Task statement: Check each line of the data for "written", then give the number of lines that have it, without any other words.
--- Material supplied Enclosed Below ---
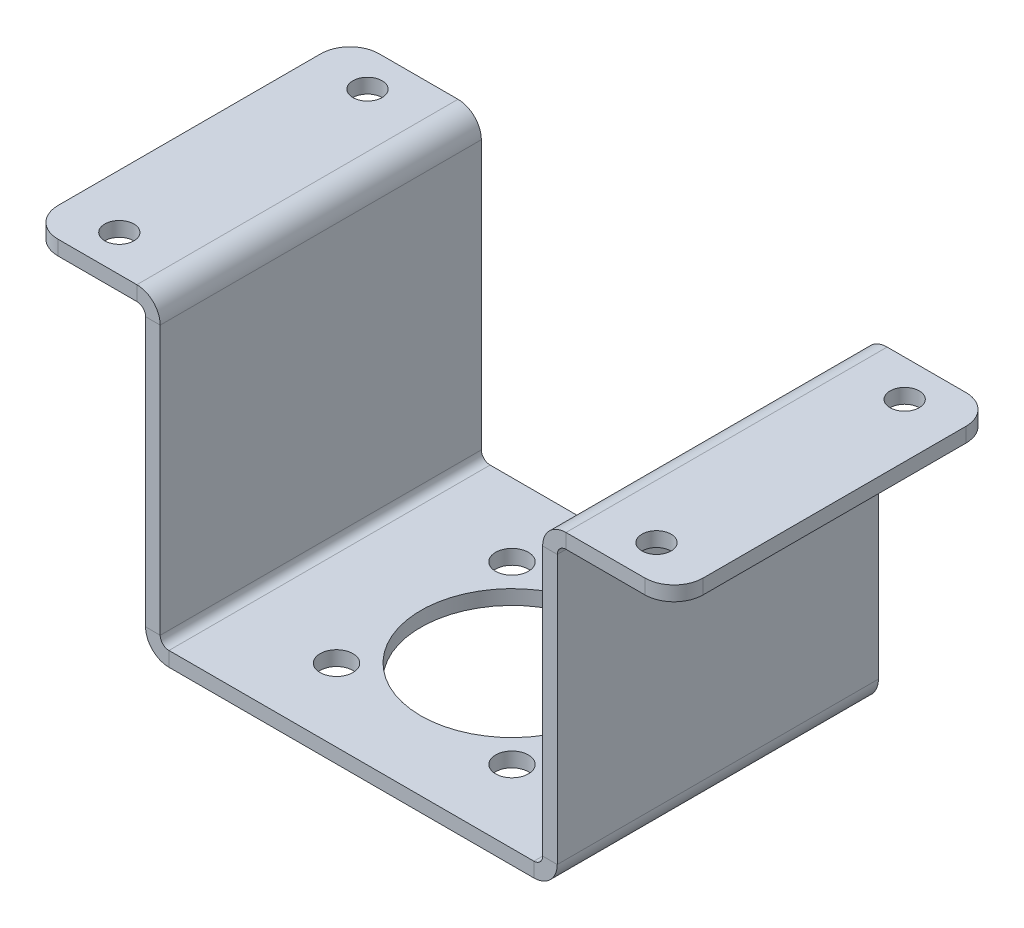
from build123d import *

# Parameters (mm, degrees)
SKETCH1_W               = 50
SKETCH1_H               = 44
BASE_FLANGE1_DEPTH      = 2
EDGE_FLANGE1_DEPTH      = 44
EDGE_FLANGE1_BEND_DEPTH = 44
EDGE_FLANGE2_DEPTH      = 44
EDGE_FLANGE2_BEND_DEPTH = 44
SKETCH21_R              = 12.5
SKETCH21_R_2            = 2.25
CUT_EXTRUDE1_DEPTH      = 2
SKETCH22_R              = 2
CUT_EXTRUDE2_DEPTH      = 2
FILLET1_R               = 4


# Sheet-metal steps are written as plain solids
with BuildPart() as part:
    # Sketch1 → Base-Flange1 (new body)
    with BuildSketch(Plane(origin=(0, 0, 0), x_dir=(1, 0, 0), z_dir=(0, 1, 0))):
        with Locations((45, -1)):
            Rectangle(SKETCH1_W, SKETCH1_H)
    extrude(amount=-BASE_FLANGE1_DEPTH)

    # Edge-Flange1 section (across the edge) → Edge-Flange1 (add)
    with BuildSketch(Plane(origin=(18.8, 0, -21), x_dir=(1, 0, 0), z_dir=(0, 0, 1))):
        with BuildLine():
            Line((-2, 1.2), (-2, 38))
            Line((-2, 38), (0, 38))
            Line((0, 38), (0, 1.2))
            ThreePointArc((0, 1.2), (0.351471863, 0.351471863), (1.2, 0))
            Line((1.2, 0), (1.2, -2))
            ThreePointArc((1.2, -2), (-1.0627417, -1.0627417), (-2, 1.2))
        make_face()
    extrude(amount=EDGE_FLANGE1_DEPTH)

    # Edge-Flange1 section 2 (across the edge) → Edge-Flange1 bend (add)
    with BuildSketch(Plane(origin=(71.2, 0, 23), x_dir=(-1, 0, 0), z_dir=(0, 0, -1))):
        with BuildLine():
            Line((-2, 1.2), (-2, 38))
            Line((-2, 38), (0, 38))
            Line((0, 38), (0, 1.2))
            ThreePointArc((0, 1.2), (0.351471863, 0.351471863), (1.2, 0))
            Line((1.2, 0), (1.2, -2))
            ThreePointArc((1.2, -2), (-1.0627417, -1.0627417), (-2, 1.2))
        make_face()
    extrude(amount=EDGE_FLANGE1_BEND_DEPTH)

    # Edge-Flange2 section (across the edge) → Edge-Flange2 (add)
    with BuildSketch(Plane(origin=(73.2, 39.2, -21), x_dir=(0, -1, 0), z_dir=(0, 0, 1))):
        with BuildLine():
            Line((-2, 1.2), (-2, 16))
            Line((-2, 16), (0, 16))
            Line((0, 16), (0, 1.2))
            ThreePointArc((0, 1.2), (0.351471863, 0.351471863), (1.2, 0))
            Line((1.2, 0), (1.2, -2))
            ThreePointArc((1.2, -2), (-1.0627417, -1.0627417), (-2, 1.2))
        make_face()
    extrude(amount=EDGE_FLANGE2_DEPTH)

    # Edge-Flange2 section 2 (across the edge) → Edge-Flange2 bend (add)
    with BuildSketch(Plane(origin=(16.8, 39.2, 23), x_dir=(0, -1, 0), z_dir=(0, 0, -1))):
        with BuildLine():
            Line((-2, 1.2), (-2, 16))
            Line((-2, 16), (0, 16))
            Line((0, 16), (0, 1.2))
            ThreePointArc((0, 1.2), (0.351471863, 0.351471863), (1.2, 0))
            Line((1.2, 0), (1.2, -2))
            ThreePointArc((1.2, -2), (-1.0627417, -1.0627417), (-2, 1.2))
        make_face()
    extrude(amount=EDGE_FLANGE2_BEND_DEPTH)

    # Sketch21 → Cut-Extrude1 (cut)
    with BuildSketch(Plane.XZ.offset(2)):
        with Locations(Location((45, 1, 0), (0, 0, 270))):
            Circle(SKETCH21_R)
        with Locations(Location((57.02081528, 13.02081528, 0), (0, 0, 270))):
            Circle(SKETCH21_R_2)
        with Locations(Location((57.02081528, -11.02081528, 0), (0, 0, 270))):
            Circle(SKETCH21_R_2)
        with Locations(Location((32.97918472, -11.02081528, 0), (0, 0, 270))):
            Circle(SKETCH21_R_2)
        with Locations(Location((32.97918472, 13.02081528, 0), (0, 0, 270))):
            Circle(SKETCH21_R_2)
    extrude(amount=-CUT_EXTRUDE1_DEPTH, mode=Mode.SUBTRACT)

    # Sketch22 → Cut-Extrude2 (cut)
    with BuildSketch(Plane.XZ.offset(-39.2)):
        with Locations(Location((8.2, 18, 0), (0, 0, 270))):
            Circle(SKETCH22_R)
        with Locations(Location((8.2, -16, 0), (0, 0, 270))):
            Circle(SKETCH22_R)
        with Locations(Location((81.8, -16, 0), (0, 0, 90))):
            Circle(SKETCH22_R)
        with Locations(Location((81.8, 18, 0), (0, 0, 90))):
            Circle(SKETCH22_R)
    extrude(amount=-CUT_EXTRUDE2_DEPTH, mode=Mode.SUBTRACT)

    # Fillet1
    fillet1_edges = [part.edges().sort_by_distance(p)[0] for p in [
        (89.2, 40.2, -21),
        (89.2, 40.2, 23),
        (0.8, 40.2, 23),
        (0.8, 40.2, -21),
    ]]
    fillet(fillet1_edges, radius=FILLET1_R)


solid = part.part
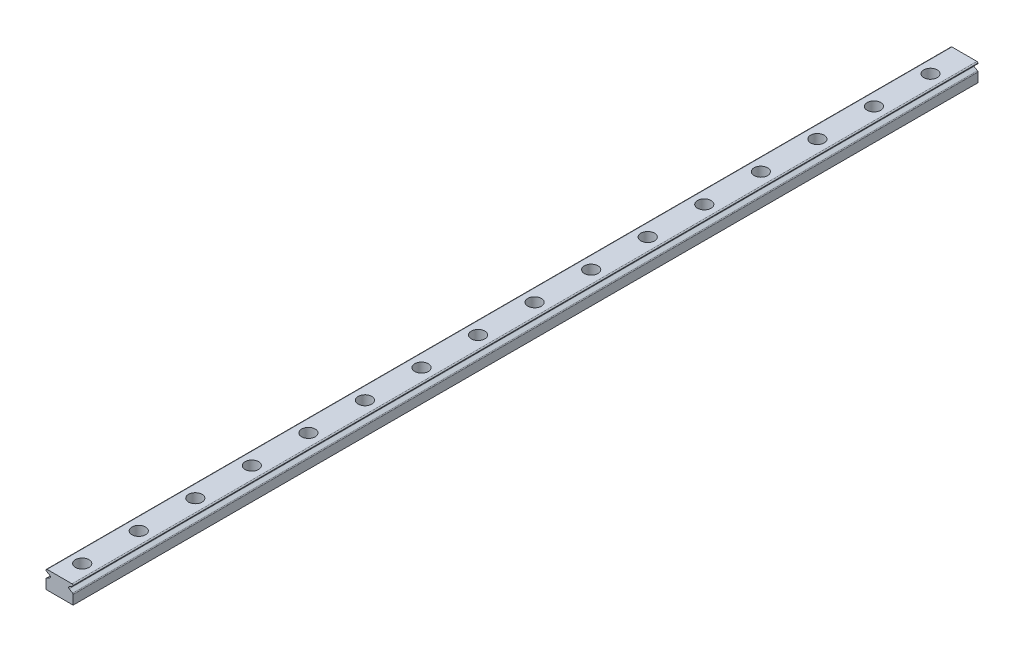
from build123d import *

# Parameters (mm, degrees)
BOSS_EXTRUDE2_DEPTH = 400
FILLET5_R           = 0.5
SKETCH3_R           = 3
CUT_EXTRUDE2_DEPTH  = 4.5
SKETCH4_R           = 1.75
CUT_EXTRUDE3_DEPTH  = 14.5
SKETCH5_W           = 12
SKETCH5_H           = 4.057387372
CUT_EXTRUDE4_DEPTH  = 682.5


with BuildPart() as part:
    # Sketch1 → Boss-Extrude2 (new body)
    with BuildSketch(Plane.XY):
        Polygon((0, 0), (12, 0), (12, 8.403449878), (9.5, 9.846825551), (12, 11.290201224), (12, 12), (0, 12), (0, 11.290201224), (2.5, 9.846825551), (0, 8.403449878), align=None)
    extrude(amount=BOSS_EXTRUDE2_DEPTH)

    # Fillet5
    # the kernel refuses this fillet: 0.5 mm, written as the material it adds along each edge
    with BuildSketch(Plane(origin=(2.5, 9.846825551, 0), x_dir=(-0.8660254037844382, 0.5000000000000009, 0), z_dir=(0, 0, 1)), Plane(origin=(9.5, 9.846825551, 0), x_dir=(0.8660254037844379, -0.5000000000000013, 0), z_dir=(0, 0, 1))) as fillet5_piece_1:
        with BuildLine():
            CenterArc((FILLET5_R * 1.73205080757, FILLET5_R), FILLET5_R, 150, 120)
            Line((FILLET5_R * 0.866025403784, FILLET5_R * 1.5), (0, 0))
            Line((0, 0), (FILLET5_R * 1.73205080757, 0))
        make_face()
    extrude(amount=400)
    # the kernel refuses this fillet: 0.5 mm, written as the material it takes off along each edge
    with BuildSketch(Plane(origin=(0, 8.403449878, -0.721687836), x_dir=(0, -1, 0), z_dir=(0, 0, 1))) as fillet5_2_piece_1:
        with BuildLine():
            CenterArc((FILLET5_R * 0.57735026919, FILLET5_R), FILLET5_R, 210, 60)
            Line((-FILLET5_R * 0.288675134595, FILLET5_R * 0.5), (0, 0))
            Line((0, 0), (FILLET5_R * 0.57735026919, 0))
        make_face()
    extrude(amount=401.443375673, mode=Mode.SUBTRACT)
    with BuildSketch(Plane(origin=(0, 11.290201224, -0.721687836), x_dir=(0, 1, 0), z_dir=(0, 0, 1)), Plane(origin=(12, 11.290201224, -0.721687836), x_dir=(-0.8660254037844355, -0.5000000000000052, 0), z_dir=(0, 0, 1)), Plane(origin=(12, 8.403449878, -0.721687836), x_dir=(0, -1, 0), z_dir=(0, 0, 1))) as fillet5_2_piece_2:
        with BuildLine():
            CenterArc((FILLET5_R * 0.57735026919, -FILLET5_R), FILLET5_R, 90, 60)
            Line((-FILLET5_R * 0.288675134595, -FILLET5_R * 0.5), (0, 0))
            Line((0, 0), (FILLET5_R * 0.57735026919, 0))
        make_face()
    extrude(amount=401.443375673, mode=Mode.SUBTRACT)
    with BuildSketch(Plane(origin=(0, 12, -1.25), x_dir=(1, 0, 0), z_dir=(0, 0, 1)), Plane(origin=(12, 12, -1.25), x_dir=(0, -1, 0), z_dir=(0, 0, 1))) as fillet5_2_piece_3:
        with BuildLine():
            CenterArc((FILLET5_R, -FILLET5_R), FILLET5_R, 90, 90)
            Line((0, -FILLET5_R), (0, 0))
            Line((0, 0), (FILLET5_R, 0))
        make_face()
    extrude(amount=402.5, mode=Mode.SUBTRACT)

    # Sketch3 → Cut-Extrude2 (cut)
    with BuildSketch(Plane(origin=(0, 12, 0), x_dir=(1, 0, 0), z_dir=(0, 1, 0))):
        with Locations((6, -490)):
            Circle(SKETCH3_R)
        with Locations((6, -440)):
            Circle(SKETCH3_R)
        with Locations((6, -415)):
            Circle(SKETCH3_R)
        with Locations(Location((6, -390, 0), (0, 0, 180))):
            Circle(SKETCH3_R)
        with Locations(Location((6, -365, 0), (0, 0, 180))):
            Circle(SKETCH3_R)
        with Locations(Location((6, -340, 0), (0, 0, 180))):
            Circle(SKETCH3_R)
        with Locations(Location((6, -315, 0), (0, 0, 180))):
            Circle(SKETCH3_R)
        with Locations(Location((6, -290, 0), (0, 0, 180))):
            Circle(SKETCH3_R)
        with Locations(Location((6, -265, 0), (0, 0, 180))):
            Circle(SKETCH3_R)
        with Locations(Location((6, -240, 0), (0, 0, 180))):
            Circle(SKETCH3_R)
        with Locations(Location((6, -215, 0), (0, 0, 180))):
            Circle(SKETCH3_R)
        with Locations(Location((6, -190, 0), (0, 0, 180))):
            Circle(SKETCH3_R)
        with Locations(Location((6, -165, 0), (0, 0, 180))):
            Circle(SKETCH3_R)
        with Locations(Location((6, -140, 0), (0, 0, 180))):
            Circle(SKETCH3_R)
        with Locations(Location((6, -115, 0), (0, 0, 180))):
            Circle(SKETCH3_R)
        with Locations(Location((6, -90, 0), (0, 0, 180))):
            Circle(SKETCH3_R)
        with Locations(Location((6, -65, 0), (0, 0, 180))):
            Circle(SKETCH3_R)
        with Locations(Location((6, -40, 0), (0, 0, 180))):
            Circle(SKETCH3_R)
        with Locations(Location((6, -15, 0), (0, 0, 180))):
            Circle(SKETCH3_R)
        with Locations((6, -465)):
            Circle(SKETCH3_R)
    extrude(amount=-CUT_EXTRUDE2_DEPTH, mode=Mode.SUBTRACT)

    # Sketch4 → Cut-Extrude3 (cut)
    with BuildSketch(Plane(origin=(0, 12, 0), x_dir=(1, 0, 0), z_dir=(0, 1, 0))):
        with Locations(Location((6, -15, 0), (0, 0, 180))):
            Circle(SKETCH4_R)
        with Locations(Location((6, -40, 0), (0, 0, 180))):
            Circle(SKETCH4_R)
        with Locations(Location((6, -65, 0), (0, 0, 180))):
            Circle(SKETCH4_R)
        with Locations(Location((6, -90, 0), (0, 0, 180))):
            Circle(SKETCH4_R)
        with Locations(Location((6, -115, 0), (0, 0, 180))):
            Circle(SKETCH4_R)
        with Locations(Location((6, -140, 0), (0, 0, 180))):
            Circle(SKETCH4_R)
        with Locations(Location((6, -165, 0), (0, 0, 180))):
            Circle(SKETCH4_R)
        with Locations(Location((6, -190, 0), (0, 0, 180))):
            Circle(SKETCH4_R)
        with Locations(Location((6, -215, 0), (0, 0, 180))):
            Circle(SKETCH4_R)
        with Locations(Location((6, -240, 0), (0, 0, 180))):
            Circle(SKETCH4_R)
        with Locations(Location((6, -265, 0), (0, 0, 180))):
            Circle(SKETCH4_R)
        with Locations(Location((6, -290, 0), (0, 0, 180))):
            Circle(SKETCH4_R)
        with Locations(Location((6, -315, 0), (0, 0, 180))):
            Circle(SKETCH4_R)
        with Locations(Location((6, -340, 0), (0, 0, 180))):
            Circle(SKETCH4_R)
        with Locations(Location((6, -365, 0), (0, 0, 180))):
            Circle(SKETCH4_R)
        with Locations(Location((6, -390, 0), (0, 0, 180))):
            Circle(SKETCH4_R)
        with Locations((6, -415)):
            Circle(SKETCH4_R)
        with Locations((6, -440)):
            Circle(SKETCH4_R)
        with Locations((6, -465)):
            Circle(SKETCH4_R)
        with Locations((6, -490)):
            Circle(SKETCH4_R)
    extrude(amount=-CUT_EXTRUDE3_DEPTH, mode=Mode.SUBTRACT)

    # Sketch5 → Cut-Extrude4 (cut)
    with BuildSketch(Plane(origin=(0, 0, 0), x_dir=(-1, 0, 0), z_dir=(0, 0, -1))):
        with Locations((-6, 2.028693686)):
            Rectangle(SKETCH5_W, SKETCH5_H)
    extrude(amount=-CUT_EXTRUDE4_DEPTH, mode=Mode.SUBTRACT)


solid = part.part
--- End of Enclosed Material supplied ---
Answer box: 3